BuitenlandNagorno-Karabach
Slechts een derde Armeniërs woont in eigen land

Armenië is door de eeuwen heen een speelbal in geopolitieke krachtmetingen geweest. Met als meest recente dieptepunt het conflict in Nagorno-Karabach. Anno 2023 woont nog amper een derde van de Armeniërs in eigen land.

Richard Donk en Cornelis Boon
30 September 2023 13:42Gewijzigd op 2 October 2023 06:54
Armeense kerk in Sepanakert, de hoofdstad van Nagorno-Karabach. beeld AFP, Siranush Sargsyan
Armeense kerk in Sepanakert, de hoofdstad van Nagorno-Karabach. beeld AFP, Siranush Sargsyan

Ooit strekte het Armeense rijk zich uit van de Kaspische tot aan de Middellandse Zee. In de hoogtijdagen, onder Tigranes de Grote (95-55 v.
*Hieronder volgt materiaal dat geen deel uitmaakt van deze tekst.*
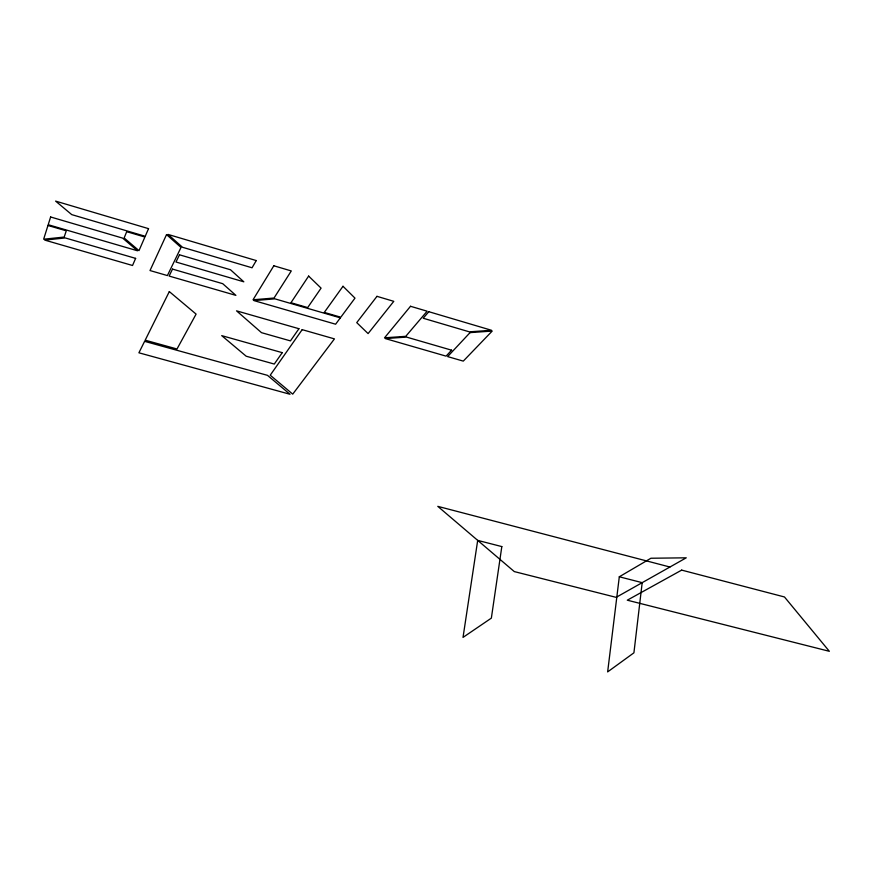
<?xml version="1.0" encoding="UTF-8"?>
<svg xmlns="http://www.w3.org/2000/svg" width="873" height="873" viewBox="0 0 873 873"><rect width="100%" height="100%" fill="white"/><g stroke="black" fill="none" stroke-linecap="round" stroke-linejoin="round"><path stroke-width="1.31" d="M619.306 576.78L607.652 671.894L633.918 652.818L642.19 582.662L619.306 576.78L650.92 558.24L686.254 557.814L616.142 597.35L514.295 571.586L437.788 506.351L669.929 567.024M501.822 546.585L491.357 618.128L463.028 637.388L477.695 540.387L501.822 546.585M47.96 225.474L43.65 239.213L64.176 237.052L66.283 230.821L47.96 225.474M50.623 216.984L48.201 224.71L137.498 250.78L122.646 238.122L50.623 216.984M126.716 231.683L124.141 237.958L138.993 250.627L144.896 237.041L126.716 231.683M135.621 258.375L132.532 265.49L44.763 240.108L65.279 237.947L135.621 258.375M148.541 228.65L145.224 236.288L71.75 214.627L55.599 201.106L148.541 228.65M166.536 234.597L150.014 270.543L167.398 275.573L181.017 247.441L166.536 234.597M172.516 269.102L169.122 276.064L235.885 295.369L222.713 283.681L172.516 269.102M179.489 254.796L175.975 262.009L243.818 281.815L230.505 269.768L179.489 254.796M144.602 341.343L138.905 352.801L290.022 394.269L267.487 375.346L144.602 341.343M169.318 291.593L145.18 340.186L177.001 348.993L196.098 314.105L169.318 291.593M256.258 260.569L252.046 267.782L182.533 247.288L168.063 234.433L256.258 260.569M273.827 265.774L253.039 299.777L274.024 298.031L291.287 270.946L273.827 265.774M308.627 276.086L290.96 302.724L307.678 307.58L321.078 288.134L308.627 276.086M282.241 352.659L274.286 364.052L246.186 356.217L221.698 335.625L282.241 352.659M298.937 328.717L290.447 340.885L261.496 332.668L236.528 310.843L298.937 328.717M302.178 329.656L270.226 375.204L292.728 394.138L334.446 338.888L302.178 329.656M343.002 286.279L324.287 312.414L340.808 317.215L354.984 298.13L343.002 286.279M340.328 317.859L335.614 324.21L253.934 300.596L274.908 298.85L340.328 317.859M376.972 296.34L356.741 322.628L368.09 333.595L393.788 301.327L376.972 296.34M410.517 306.281L384.535 337.818L405.759 336.323L427.137 311.203L410.517 306.281M428.796 311.694L423.209 318.241L469.314 331.838L491.499 330.278L428.796 311.694M451.614 350.182L446.07 356.14L385.309 338.582L406.523 337.087L451.614 350.182M470.045 332.624L447.642 356.599L463.279 361.116L492.208 331.063L470.045 332.624M681.682 570.113L627.294 600.188L829.35 651.302L784.467 596.968L681.682 570.113"/></g></svg>

Chr.), omvatte het, behalve het grondgebied op de Kaukausus, grote delen van het huidige Turkije, Syrië, Iran, Israël en Libanon. Het werd beschouwd als een van de machtigste staten ten oosten van Rome.

Aan die roemruchte periode kwam echter een einde toen de Romeinen, na diverse oorlogen, net voor het begin van de jaartelling de volledige controle over het rijk van de Armeniërs kregen. Daarna lieten diverse heersers hun blik op de regio vallen en kwam het gebied onder bestuur van onder anderen Parthers, Byzantijnen, Perzen en Ottomanen.

Christendom

Ondanks die wisselende machtstonelen werd Armenië in 301 de eerste natie ter wereld die het christendom officieel als staatsgodsdienst invoerde. De kerkgemeenschappen van destijds leven tot op de huidige dag voort.


Waarom grijpt het Westen niet in?

Donderdag beloofde het zelfbestuur van Nagorno-Karabach zich per 1 januari op te heffen. Inmiddels ontvluchtten tienduizenden inwoners –al meer dan de helft van de bevolking– de regio uit angst voor etnische zuivering. En het Westen blijft stil.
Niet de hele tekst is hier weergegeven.